BACKGROUND: The mechanism by which angiogenesis declines with aging remains largely unknown. Given that the plasma levels of adiponectin (APN) are decreased in the presence of ischemic cardiovascular disease, we explore the possible mechanisms by which APN/adiponectin receptor1 (AdipoR1) axis inactivation contributes to the decline in vascular regeneration capacity in elderly animals. METHODS AND RESULTS: To study aging-related changes in the APN/AdipoR1 axis and its impact on ischemia-induced angiogenesis, a hindlimb ischemia model was applied to young and aged mice. Aging impaired ischemia-induced blood flow recovery. An ELISA showed that the aged mice had decreased plasma APN levels. Immunostaining showed lesser capillary formation in the aged mice.
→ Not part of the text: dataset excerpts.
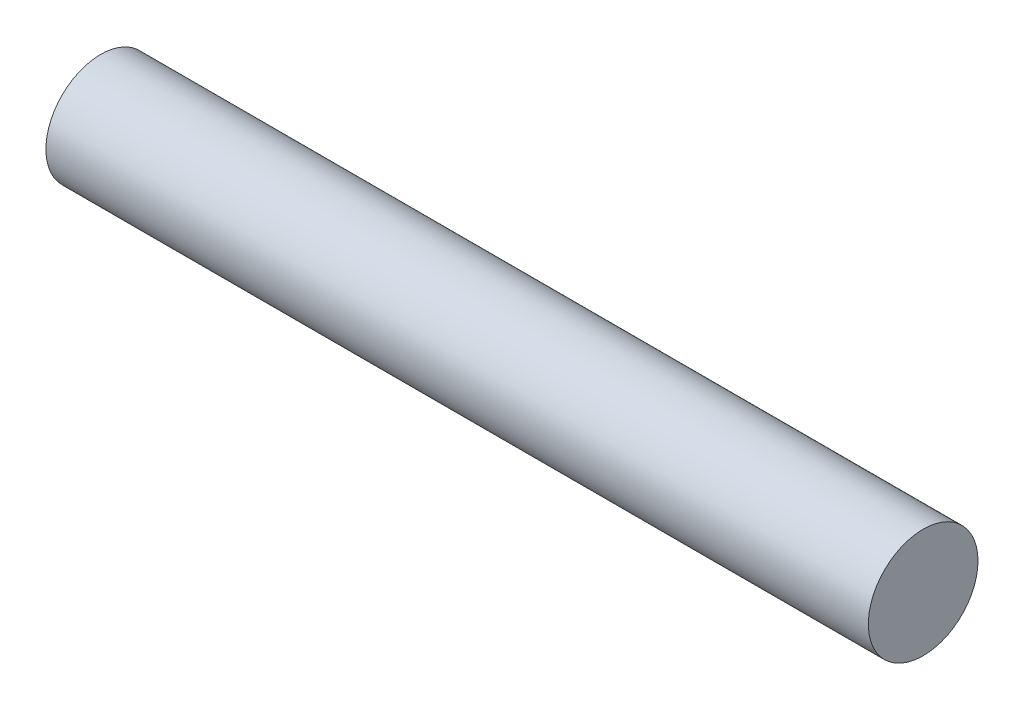
from build123d import *

# Parameters (mm, degrees)
SKETCH1_R           = 1.27
BOSS_EXTRUDE1_DEPTH = 19.05


with BuildPart() as part:
    # Sketch1 → Boss-Extrude1 (new body)
    with BuildSketch(Plane(origin=(0, 0, 0), x_dir=(0, 0, -1), z_dir=(1, 0, 0))):
        Circle(SKETCH1_R)
    extrude(amount=BOSS_EXTRUDE1_DEPTH)


solid = part.part

The aged ischemic muscles had decreased levels of AdipoR1, peroxisome proliferator activated receptor-γ (PPAR-γ), PPAR-γ co-activator 1α (PGC-1α), phospho-AMP-activated protein kinase α (p-AMPK-α), and B cell lymphoma-2 (Bcl-2) and increased levels of cleaved caspase-8 (C-caspase-8) and gp91phox/p22phox genes or/and proteins, nicotinamide adenine dinucleotide phosphate oxidase activity, superoxide production, and matrix metalloproteinase-2/-9 activity as well as increased numbers of infiltrated macrophages and leucocytes. In in vitro experiments, aged endothelial cells had negative changes in the levels of PPAR-γ, PGC-1α, p-AMPK-α, Bcl-2, and C-caspase-8 proteins in response to oxidative stress. Genetic interventions targeted toward APN and AdipoR1 negatively affected the targeted angiogenic protein levels in aged muscles and angiogenic actions and/or aged endothelial events. CONCLUSION: These findings indicate that aging can reduce angiogenesis in response to hypoxia via an impaired APN-AdipoR1-dependent mechanism that may be mediated by PPAR-γ/PGC-1α signaling inactivation in advanced age.